(Beginning of INPUT MATERIAL)

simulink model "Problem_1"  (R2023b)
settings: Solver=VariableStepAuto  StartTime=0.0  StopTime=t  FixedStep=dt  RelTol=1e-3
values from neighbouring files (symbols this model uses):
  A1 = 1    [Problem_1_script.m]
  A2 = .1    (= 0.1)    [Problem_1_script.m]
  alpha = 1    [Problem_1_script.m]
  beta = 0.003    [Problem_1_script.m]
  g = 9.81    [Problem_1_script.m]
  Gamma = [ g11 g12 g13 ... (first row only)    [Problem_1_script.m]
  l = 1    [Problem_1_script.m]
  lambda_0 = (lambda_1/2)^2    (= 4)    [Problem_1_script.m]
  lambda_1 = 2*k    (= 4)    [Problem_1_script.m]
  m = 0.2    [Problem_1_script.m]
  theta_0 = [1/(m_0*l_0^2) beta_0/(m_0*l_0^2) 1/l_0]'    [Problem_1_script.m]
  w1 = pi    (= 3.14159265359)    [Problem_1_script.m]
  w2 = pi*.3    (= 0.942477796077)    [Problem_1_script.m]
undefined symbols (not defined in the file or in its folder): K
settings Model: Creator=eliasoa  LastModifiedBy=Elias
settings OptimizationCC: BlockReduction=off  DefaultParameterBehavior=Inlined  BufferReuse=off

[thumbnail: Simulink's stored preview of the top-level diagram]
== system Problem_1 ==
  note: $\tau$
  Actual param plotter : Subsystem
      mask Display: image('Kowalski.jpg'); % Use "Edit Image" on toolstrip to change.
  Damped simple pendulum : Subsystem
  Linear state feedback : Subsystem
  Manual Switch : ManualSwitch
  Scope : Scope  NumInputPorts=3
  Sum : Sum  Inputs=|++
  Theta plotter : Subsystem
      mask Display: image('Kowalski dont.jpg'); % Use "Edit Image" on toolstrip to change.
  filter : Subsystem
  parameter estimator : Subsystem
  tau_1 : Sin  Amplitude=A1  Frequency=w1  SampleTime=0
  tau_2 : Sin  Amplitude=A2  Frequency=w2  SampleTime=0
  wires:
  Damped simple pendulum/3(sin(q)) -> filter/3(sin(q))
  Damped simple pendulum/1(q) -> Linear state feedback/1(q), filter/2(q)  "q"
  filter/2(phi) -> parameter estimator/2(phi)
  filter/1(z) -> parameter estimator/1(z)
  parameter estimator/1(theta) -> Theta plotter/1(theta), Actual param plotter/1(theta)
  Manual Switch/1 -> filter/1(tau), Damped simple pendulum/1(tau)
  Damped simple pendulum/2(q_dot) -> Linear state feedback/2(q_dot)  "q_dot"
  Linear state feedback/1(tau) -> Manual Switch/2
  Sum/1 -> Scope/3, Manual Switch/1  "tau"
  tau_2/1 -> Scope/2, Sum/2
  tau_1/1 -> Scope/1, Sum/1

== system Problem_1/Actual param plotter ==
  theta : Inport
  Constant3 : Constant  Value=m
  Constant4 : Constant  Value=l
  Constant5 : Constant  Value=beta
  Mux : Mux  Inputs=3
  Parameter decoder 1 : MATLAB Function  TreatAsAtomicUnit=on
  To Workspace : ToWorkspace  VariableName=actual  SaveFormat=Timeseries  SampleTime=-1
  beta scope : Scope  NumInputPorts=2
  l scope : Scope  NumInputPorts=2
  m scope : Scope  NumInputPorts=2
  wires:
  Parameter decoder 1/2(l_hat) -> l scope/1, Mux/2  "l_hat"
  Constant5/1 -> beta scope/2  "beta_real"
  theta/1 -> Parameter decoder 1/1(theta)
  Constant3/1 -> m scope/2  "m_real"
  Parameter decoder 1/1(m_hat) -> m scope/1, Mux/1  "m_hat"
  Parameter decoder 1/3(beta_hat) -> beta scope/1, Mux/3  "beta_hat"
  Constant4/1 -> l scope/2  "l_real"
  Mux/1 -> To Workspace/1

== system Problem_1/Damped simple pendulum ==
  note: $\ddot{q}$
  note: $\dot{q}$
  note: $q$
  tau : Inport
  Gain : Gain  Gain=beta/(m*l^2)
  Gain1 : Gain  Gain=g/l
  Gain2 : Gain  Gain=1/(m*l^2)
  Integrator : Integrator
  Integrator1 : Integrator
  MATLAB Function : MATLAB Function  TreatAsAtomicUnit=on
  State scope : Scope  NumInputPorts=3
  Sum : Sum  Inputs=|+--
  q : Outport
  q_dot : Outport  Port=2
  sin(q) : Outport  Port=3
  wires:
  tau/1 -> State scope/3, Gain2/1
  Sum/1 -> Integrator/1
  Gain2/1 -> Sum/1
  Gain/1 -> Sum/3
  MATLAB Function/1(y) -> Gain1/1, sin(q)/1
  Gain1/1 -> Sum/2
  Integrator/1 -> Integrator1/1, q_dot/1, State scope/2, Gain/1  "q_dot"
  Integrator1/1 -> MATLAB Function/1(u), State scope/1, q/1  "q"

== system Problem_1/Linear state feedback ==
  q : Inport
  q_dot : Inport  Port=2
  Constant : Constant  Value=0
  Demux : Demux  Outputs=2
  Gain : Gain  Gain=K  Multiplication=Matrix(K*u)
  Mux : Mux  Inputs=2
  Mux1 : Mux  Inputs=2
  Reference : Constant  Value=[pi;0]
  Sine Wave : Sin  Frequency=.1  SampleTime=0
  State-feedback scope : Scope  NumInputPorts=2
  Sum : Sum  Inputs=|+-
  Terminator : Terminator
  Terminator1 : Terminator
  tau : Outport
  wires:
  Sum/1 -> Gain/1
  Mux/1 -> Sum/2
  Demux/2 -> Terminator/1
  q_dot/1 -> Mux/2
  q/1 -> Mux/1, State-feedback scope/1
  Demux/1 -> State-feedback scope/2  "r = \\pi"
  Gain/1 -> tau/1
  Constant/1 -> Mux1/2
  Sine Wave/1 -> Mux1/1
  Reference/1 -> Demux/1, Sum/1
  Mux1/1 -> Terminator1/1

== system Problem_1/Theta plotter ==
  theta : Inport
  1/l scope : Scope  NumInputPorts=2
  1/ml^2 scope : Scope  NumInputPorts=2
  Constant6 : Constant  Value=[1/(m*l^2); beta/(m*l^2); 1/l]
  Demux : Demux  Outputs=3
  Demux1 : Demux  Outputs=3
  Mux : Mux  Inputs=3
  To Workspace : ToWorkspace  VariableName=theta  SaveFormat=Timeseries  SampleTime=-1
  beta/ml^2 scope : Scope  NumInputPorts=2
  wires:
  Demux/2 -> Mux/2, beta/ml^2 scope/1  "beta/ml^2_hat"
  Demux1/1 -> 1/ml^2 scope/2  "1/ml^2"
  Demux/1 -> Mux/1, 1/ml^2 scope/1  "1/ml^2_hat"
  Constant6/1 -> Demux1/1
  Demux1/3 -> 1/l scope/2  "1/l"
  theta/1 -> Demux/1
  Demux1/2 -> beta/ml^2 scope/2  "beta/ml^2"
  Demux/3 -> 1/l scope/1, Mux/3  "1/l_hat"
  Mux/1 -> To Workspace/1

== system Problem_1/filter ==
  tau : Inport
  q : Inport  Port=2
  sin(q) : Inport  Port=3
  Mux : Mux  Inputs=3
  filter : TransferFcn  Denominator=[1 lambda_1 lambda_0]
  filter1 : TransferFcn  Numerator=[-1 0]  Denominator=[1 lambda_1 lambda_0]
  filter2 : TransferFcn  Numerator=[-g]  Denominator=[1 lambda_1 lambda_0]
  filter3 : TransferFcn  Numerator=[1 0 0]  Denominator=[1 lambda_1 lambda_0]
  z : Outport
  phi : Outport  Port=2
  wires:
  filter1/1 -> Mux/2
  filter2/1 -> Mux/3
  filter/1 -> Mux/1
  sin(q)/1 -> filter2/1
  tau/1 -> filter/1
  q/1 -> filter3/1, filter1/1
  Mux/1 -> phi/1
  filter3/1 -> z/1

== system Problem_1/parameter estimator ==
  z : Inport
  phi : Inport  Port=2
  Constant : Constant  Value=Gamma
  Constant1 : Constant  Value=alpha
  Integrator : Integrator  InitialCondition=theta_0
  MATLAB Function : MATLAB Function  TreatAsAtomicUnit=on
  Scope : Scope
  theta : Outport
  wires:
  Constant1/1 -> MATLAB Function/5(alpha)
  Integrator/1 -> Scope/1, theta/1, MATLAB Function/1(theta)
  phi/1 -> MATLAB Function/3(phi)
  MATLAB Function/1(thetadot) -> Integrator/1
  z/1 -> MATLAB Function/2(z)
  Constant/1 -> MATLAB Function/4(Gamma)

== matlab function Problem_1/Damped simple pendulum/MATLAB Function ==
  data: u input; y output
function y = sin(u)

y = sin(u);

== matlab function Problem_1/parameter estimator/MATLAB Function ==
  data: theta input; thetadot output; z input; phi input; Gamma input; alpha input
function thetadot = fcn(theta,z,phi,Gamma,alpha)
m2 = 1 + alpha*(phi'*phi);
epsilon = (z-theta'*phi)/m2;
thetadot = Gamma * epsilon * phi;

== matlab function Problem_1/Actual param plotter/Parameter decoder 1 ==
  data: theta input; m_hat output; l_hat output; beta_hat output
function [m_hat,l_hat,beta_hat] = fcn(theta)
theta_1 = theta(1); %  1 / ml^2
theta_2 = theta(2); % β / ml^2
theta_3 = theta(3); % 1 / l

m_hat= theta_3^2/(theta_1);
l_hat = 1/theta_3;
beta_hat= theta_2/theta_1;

(End of INPUT MATERIAL)

### EXERCISE AIM
All lines from the start of the entries through the line where "filter/2(phi) -> parameter estimator/2(phi)" sits should be duplicated exactly, with nothing else in the output.

### ANSWER
simulink model "Problem_1"  (R2023b)
settings: Solver=VariableStepAuto  StartTime=0.0  StopTime=t  FixedStep=dt  RelTol=1e-3
values from neighbouring files (symbols this model uses):
  A1 = 1    [Problem_1_script.m]
  A2 = .1    (= 0.1)    [Problem_1_script.m]
  alpha = 1    [Problem_1_script.m]
  beta = 0.003    [Problem_1_script.m]
  g = 9.81    [Problem_1_script.m]
  Gamma = [ g11 g12 g13 ... (first row only)    [Problem_1_script.m]
  l = 1    [Problem_1_script.m]
  lambda_0 = (lambda_1/2)^2    (= 4)    [Problem_1_script.m]
  lambda_1 = 2*k    (= 4)    [Problem_1_script.m]
  m = 0.2    [Problem_1_script.m]
  theta_0 = [1/(m_0*l_0^2) beta_0/(m_0*l_0^2) 1/l_0]'    [Problem_1_script.m]
  w1 = pi    (= 3.14159265359)    [Problem_1_script.m]
  w2 = pi*.3    (= 0.942477796077)    [Problem_1_script.m]
undefined symbols (not defined in the file or in its folder): K
settings Model: Creator=eliasoa  LastModifiedBy=Elias
settings OptimizationCC: BlockReduction=off  DefaultParameterBehavior=Inlined  BufferReuse=off

[thumbnail: Simulink's stored preview of the top-level diagram]
== system Problem_1 ==
  note: $\tau$
  Actual param plotter : Subsystem
      mask Display: image('Kowalski.jpg'); % Use "Edit Image" on toolstrip to change.
  Damped simple pendulum : Subsystem
  Linear state feedback : Subsystem
  Manual Switch : ManualSwitch
  Scope : Scope  NumInputPorts=3
  Sum : Sum  Inputs=|++
  Theta plotter : Subsystem
      mask Display: image('Kowalski dont.jpg'); % Use "Edit Image" on toolstrip to change.
  filter : Subsystem
  parameter estimator : Subsystem
  tau_1 : Sin  Amplitude=A1  Frequency=w1  SampleTime=0
  tau_2 : Sin  Amplitude=A2  Frequency=w2  SampleTime=0
  wires:
  Damped simple pendulum/3(sin(q)) -> filter/3(sin(q))
  Damped simple pendulum/1(q) -> Linear state feedback/1(q), filter/2(q)  "q"
  filter/2(phi) -> parameter estimator/2(phi)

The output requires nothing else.